社区首页 >专栏 >GPT-2生成《神奇宝贝》动漫台词

GPT-2生成《神奇宝贝》动漫台词

代码医生工作室

发布于 2019-11-12 07:37:14

86400

代码可运行

文章被收录于专栏：相约机器人相约机器人

运行总次数：0

代码可运行

作者 | Thiago Lira

来源 | Medium

Ludicolo was a salsa master, he would teach Ash how to move like a god. He would make fun of Ash for being unable to move so quickly, and would even attack him for being weak.

OpenAI提出的GPT-2模型是AI生成文本中的改变者。今天将展示如何使用模型生成神奇宝贝台词。

最终结果：

http : //pokegen.thiagolira.com.br/

所有代码都可以在Github存储库中找到。

https://github.com/ThiagoLira/pkm-ep-generator

在本文中，将解释端到端机器学习项目的主要挑战。

数据

机器学习方法用于提取信息并从数据中推断出模式。虽然经典的统计方法将有许多参数和假设由统计学家在建模阶段选择，但机器学习方法却让数据说明了一切。这是可以解释的（经典）模型和准确的（机器学习）模型之间的折中方案。机器学习的预测能力基本上来自拥有大量数据和足够复杂的模型以从中捕获高度微妙的模式。有一个“平滑”的假设，即该模型是在足够大的现实样本上进行训练的，以推断它没有直接看到的内容，并假设该模型与某些实际已经被训练的示例接近。

最近的NLP（自然语言处理）模型没有什么不同，它们需要大量的文本和计算能力来进行训练。这些新模型从对语言的零知识开始，到最后，它们变得非常擅长于从单词序列中测量上下文信息。可以理解的是，相同的单词在句子的不同位置具有不同的含义，这是经典NLP模型无法很好实现的。
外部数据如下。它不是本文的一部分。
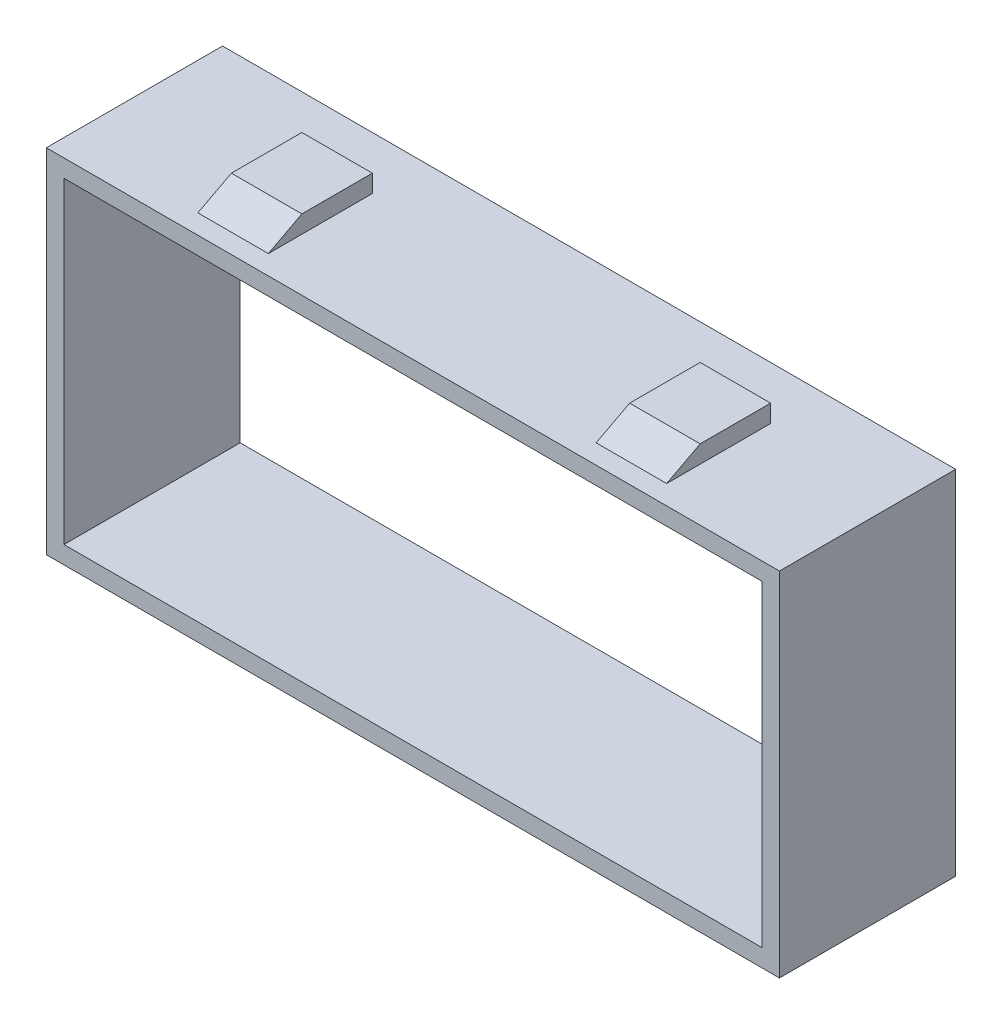
ISO-10303-21;
HEADER;
FILE_DESCRIPTION(('STEP AP214'),'2;1');
FILE_NAME('part.step','',(''),(''),'','','');
FILE_SCHEMA(('AUTOMOTIVE_DESIGN { 1 0 10303 214 1 1 1 1 }'));
ENDSEC;
DATA;
#1=APPLICATION_CONTEXT('core data for automotive mechanical design processes');
#2=APPLICATION_PROTOCOL_DEFINITION('international standard','automotive_design',2000,#1);
#3=PRODUCT_CONTEXT('',#1,'mechanical');
#4=PRODUCT('Part','Part','',(#3));
#5=PRODUCT_RELATED_PRODUCT_CATEGORY('part','',(#4));
#6=PRODUCT_DEFINITION_FORMATION('','',#4);
#7=PRODUCT_DEFINITION_CONTEXT('part definition',#1,'design');
#8=PRODUCT_DEFINITION('design','',#6,#7);
#9=PRODUCT_DEFINITION_SHAPE('','',#8);
#10=(LENGTH_UNIT() NAMED_UNIT(*) SI_UNIT(.MILLI.,.METRE.));
#11=(NAMED_UNIT(*) PLANE_ANGLE_UNIT() SI_UNIT($,.RADIAN.));
#12=(NAMED_UNIT(*) SI_UNIT($,.STERADIAN.) SOLID_ANGLE_UNIT());
#13=UNCERTAINTY_MEASURE_WITH_UNIT(LENGTH_MEASURE(1.E-05),#10,'distance_accuracy_value','');
#14=(GEOMETRIC_REPRESENTATION_CONTEXT(3) GLOBAL_UNCERTAINTY_ASSIGNED_CONTEXT((#13)) GLOBAL_UNIT_ASSIGNED_CONTEXT((#10,
#11,#12)) REPRESENTATION_CONTEXT('',''));
#15=CARTESIAN_POINT('',(0.,0.,0.));
#16=DIRECTION('',(0.,0.,1.));
#17=DIRECTION('',(1.,0.,0.));
#18=AXIS2_PLACEMENT_3D('',#15,#16,#17);
#19=CARTESIAN_POINT('',(13.3,11.,0.));
#20=DIRECTION('',(-1.,0.,0.));
#21=DIRECTION('',(0.,0.,1.));
#22=AXIS2_PLACEMENT_3D('',#19,#20,#21);
#23=PLANE('',#22);
#24=DIRECTION('',(0.,0.,-1.));
#25=VECTOR('',#24,1.);
#26=CARTESIAN_POINT('',(13.3,10.,0.));
#27=LINE('',#26,#25);
#28=CARTESIAN_POINT('',(13.3,10.,8.90014924755403));
#29=VERTEX_POINT('',#28);
#30=CARTESIAN_POINT('',(13.3,10.,3.00000000000001));
#31=VERTEX_POINT('',#30);
#32=EDGE_CURVE('E39',#29,#31,#27,.T.);
#33=ORIENTED_EDGE('',*,*,#32,.T.);
#34=DIRECTION('',(0.,-1.,0.));
#35=VECTOR('',#34,1.);
#36=CARTESIAN_POINT('',(13.3,0.,3.00000000000001));
#37=LINE('',#36,#35);
#38=CARTESIAN_POINT('',(13.3,11.,3.00000000000001));
#39=VERTEX_POINT('',#38);
#40=EDGE_CURVE('E53',#39,#31,#37,.T.);
#41=ORIENTED_EDGE('',*,*,#40,.F.);
#42=DIRECTION('',(0.,0.,-1.));
#43=VECTOR('',#42,1.);
#44=CARTESIAN_POINT('',(13.3,11.,0.));
#45=LINE('',#44,#43);
#46=CARTESIAN_POINT('',(13.3,11.,6.99999999999999));
#47=VERTEX_POINT('',#46);
#48=EDGE_CURVE('E210',#47,#39,#45,.T.);
#49=ORIENTED_EDGE('',*,*,#48,.F.);
#50=DIRECTION('',(0.,-0.465717785352861,0.884933299410767));
#51=VECTOR('',#50,1.);
#52=CARTESIAN_POINT('',(13.3,11.4990806231724,6.05167232941022));
#53=LINE('',#52,#51);
#54=EDGE_CURVE('E61',#47,#29,#53,.T.);
#55=ORIENTED_EDGE('',*,*,#54,.T.);
#56=EDGE_LOOP('',(#33,#41,#49,#55));
#57=FACE_BOUND('',#56,.T.);
#58=ADVANCED_FACE('F35',(#57),#23,.F.);
#59=CARTESIAN_POINT('',(9.3,11.,0.));
#60=DIRECTION('',(-1.,0.,0.));
#61=DIRECTION('',(0.,0.,1.));
#62=AXIS2_PLACEMENT_3D('',#59,#60,#61);
#63=PLANE('',#62);
#64=DIRECTION('',(0.,1.,0.));
#65=VECTOR('',#64,1.);
#66=CARTESIAN_POINT('',(9.3,11.,3.00000000000001));
#67=LINE('',#66,#65);
#68=CARTESIAN_POINT('',(9.3,10.,3.00000000000001));
#69=VERTEX_POINT('',#68);
#70=CARTESIAN_POINT('',(9.3,11.,3.00000000000001));
#71=VERTEX_POINT('',#70);
#72=EDGE_CURVE('E200',#69,#71,#67,.T.);
#73=ORIENTED_EDGE('',*,*,#72,.F.);
#74=DIRECTION('',(0.,0.,-1.));
#75=VECTOR('',#74,1.);
#76=CARTESIAN_POINT('',(9.3,10.,0.));
#77=LINE('',#76,#75);
#78=CARTESIAN_POINT('',(9.3,10.,8.90014924755403));
#79=VERTEX_POINT('',#78);
#80=EDGE_CURVE('E216',#79,#69,#77,.T.);
#81=ORIENTED_EDGE('',*,*,#80,.F.);
#82=DIRECTION('',(0.,0.465717785352861,-0.884933299410767));
#83=VECTOR('',#82,1.);
#84=CARTESIAN_POINT('',(9.3,13.8849042347061,1.51825138915781));
#85=LINE('',#84,#83);
#86=CARTESIAN_POINT('',(9.3,11.,6.99999999999999));
#87=VERTEX_POINT('',#86);
#88=EDGE_CURVE('E596',#79,#87,#85,.T.);
#89=ORIENTED_EDGE('',*,*,#88,.T.);
#90=DIRECTION('',(0.,0.,-1.));
#91=VECTOR('',#90,1.);
#92=CARTESIAN_POINT('',(9.3,11.,0.));
#93=LINE('',#92,#91);
#94=EDGE_CURVE('E215',#87,#71,#93,.T.);
#95=ORIENTED_EDGE('',*,*,#94,.T.);
#96=EDGE_LOOP('',(#73,#81,#89,#95));
#97=FACE_BOUND('',#96,.T.);
#98=ADVANCED_FACE('F365',(#97),#63,.T.);
#99=CARTESIAN_POINT('',(0.,11.,0.));
#100=DIRECTION('',(0.,1.,0.));
#101=DIRECTION('',(0.,0.,1.));
#102=AXIS2_PLACEMENT_3D('',#99,#100,#101);
#103=PLANE('',#102);
#104=DIRECTION('',(1.,0.,0.));
#105=VECTOR('',#104,1.);
#106=CARTESIAN_POINT('',(-13.7,11.,3.00000000000001));
#107=LINE('',#106,#105);
#108=EDGE_CURVE('E197',#71,#39,#107,.T.);
#109=ORIENTED_EDGE('',*,*,#108,.F.);
#110=ORIENTED_EDGE('',*,*,#94,.F.);
#111=DIRECTION('',(1.,0.,0.));
#112=VECTOR('',#111,1.);
#113=CARTESIAN_POINT('',(-13.7,11.,6.99999999999999));
#114=LINE('',#113,#112);
#115=EDGE_CURVE('E214',#87,#47,#114,.T.);
#116=ORIENTED_EDGE('',*,*,#115,.T.);
#117=ORIENTED_EDGE('',*,*,#48,.T.);
#118=EDGE_LOOP('',(#109,#110,#116,#117));
#119=FACE_BOUND('',#118,.T.);
#120=ADVANCED_FACE('F213',(#119),#103,.T.);
#121=CARTESIAN_POINT('',(-13.3,11.,0.));
#122=DIRECTION('',(-1.,0.,0.));
#123=DIRECTION('',(0.,0.,1.));
#124=AXIS2_PLACEMENT_3D('',#121,#122,#123);
#125=PLANE('',#124);
#126=DIRECTION('',(0.,1.,0.));
#127=VECTOR('',#126,1.);
#128=CARTESIAN_POINT('',(-13.3,11.,3.00000000000001));
#129=LINE('',#128,#127);
#130=CARTESIAN_POINT('',(-13.3,10.,3.00000000000001));
#131=VERTEX_POINT('',#130);
#132=CARTESIAN_POINT('',(-13.3,11.,3.00000000000001));
#133=VERTEX_POINT('',#132);
#134=EDGE_CURVE('E573',#131,#133,#129,.T.);
#135=ORIENTED_EDGE('',*,*,#134,.F.);
#136=DIRECTION('',(0.,0.,-1.));
#137=VECTOR('',#136,1.);
#138=CARTESIAN_POINT('',(-13.3,10.,0.));
#139=LINE('',#138,#137);
#140=CARTESIAN_POINT('',(-13.3,10.,8.90014924755403));
#141=VERTEX_POINT('',#140);
#142=EDGE_CURVE('E594',#141,#131,#139,.T.);
#143=ORIENTED_EDGE('',*,*,#142,.F.);
#144=DIRECTION('',(0.,0.465717785352861,-0.884933299410767));
#145=VECTOR('',#144,1.);
#146=CARTESIAN_POINT('',(-13.3,13.8849042347061,1.51825138915781));
#147=LINE('',#146,#145);
#148=CARTESIAN_POINT('',(-13.3,11.,6.99999999999999));
#149=VERTEX_POINT('',#148);
#150=EDGE_CURVE('E590',#141,#149,#147,.T.);
#151=ORIENTED_EDGE('',*,*,#150,.T.);
#152=DIRECTION('',(0.,0.,-1.));
#153=VECTOR('',#152,1.);
#154=CARTESIAN_POINT('',(-13.3,11.,0.));
#155=LINE('',#154,#153);
#156=EDGE_CURVE('E585',#149,#133,#155,.T.);
#157=ORIENTED_EDGE('',*,*,#156,.T.);
#158=EDGE_LOOP('',(#135,#143,#151,#157));
#159=FACE_BOUND('',#158,.T.);
#160=ADVANCED_FACE('F492',(#159),#125,.T.);
#161=CARTESIAN_POINT('',(-9.3,11.,0.));
#162=DIRECTION('',(-1.,0.,0.));
#163=DIRECTION('',(0.,0.,1.));
#164=AXIS2_PLACEMENT_3D('',#161,#162,#163);
#165=PLANE('',#164);
#166=DIRECTION('',(0.,0.,-1.));
#167=VECTOR('',#166,1.);
#168=CARTESIAN_POINT('',(-9.3,10.,0.));
#169=LINE('',#168,#167);
#170=CARTESIAN_POINT('',(-9.3,10.,8.90014924755403));
#171=VERTEX_POINT('',#170);
#172=CARTESIAN_POINT('',(-9.3,10.,3.00000000000001));
#173=VERTEX_POINT('',#172);
#174=EDGE_CURVE('E222',#171,#173,#169,.T.);
#175=ORIENTED_EDGE('',*,*,#174,.T.);
#176=DIRECTION('',(0.,1.,0.));
#177=VECTOR('',#176,1.);
#178=CARTESIAN_POINT('',(-9.3,11.,3.00000000000001));
#179=LINE('',#178,#177);
#180=CARTESIAN_POINT('',(-9.3,11.,3.00000000000001));
#181=VERTEX_POINT('',#180);
#182=EDGE_CURVE('E581',#173,#181,#179,.T.);
#183=ORIENTED_EDGE('',*,*,#182,.T.);
#184=DIRECTION('',(0.,0.,-1.));
#185=VECTOR('',#184,1.);
#186=CARTESIAN_POINT('',(-9.3,11.,0.));
#187=LINE('',#186,#185);
#188=CARTESIAN_POINT('',(-9.3,11.,6.99999999999999));
#189=VERTEX_POINT('',#188);
#190=EDGE_CURVE('E587',#189,#181,#187,.T.);
#191=ORIENTED_EDGE('',*,*,#190,.F.);
#192=DIRECTION('',(0.,0.465717785352861,-0.884933299410767));
#193=VECTOR('',#192,1.);
#194=CARTESIAN_POINT('',(-9.3,13.8849042347061,1.51825138915781));
#195=LINE('',#194,#193);
#196=EDGE_CURVE('E602',#171,#189,#195,.T.);
#197=ORIENTED_EDGE('',*,*,#196,.F.);
#198=EDGE_LOOP('',(#175,#183,#191,#197));
#199=FACE_BOUND('',#198,.T.);
#200=ADVANCED_FACE('F410',(#199),#165,.F.);
#201=CARTESIAN_POINT('',(0.,11.,0.));
#202=DIRECTION('',(0.,1.,0.));
#203=DIRECTION('',(0.,0.,1.));
#204=AXIS2_PLACEMENT_3D('',#201,#202,#203);
#205=PLANE('',#204);
#206=EDGE_CURVE('E205',#133,#181,#107,.T.);
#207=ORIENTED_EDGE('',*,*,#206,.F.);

GPT-2模型已经在Wikipedia，Reddit和许多其他地方进行了预训练。根据互联网上一组更具体的文本对模型进行微调。这是Internet的子集，由Pokémon动漫剧集摘要组成。

编写的爬虫下载了社区编写的大约400集摘要。下边是一个情节的示例：

Ash declares to himself and the Pokémon of the world that he will become a Pokémon Master. His speech, however, is interrupted by his mom who tells him to get to bed as he has a big day tomorrow. Ash protests that he’s too excited to sleep, so his mom tells him that if he won’t sleep then to at least get ready for the next day as she switches on a program hosted by the town’s Pokémon expert, Professor Oak. Ash watches as Oak explains that new Trainers get to pick one of three Pokémon to start their journey; the Grass-type Bulbasaur, the Fire-type Charmander or the Water-type Squirtle.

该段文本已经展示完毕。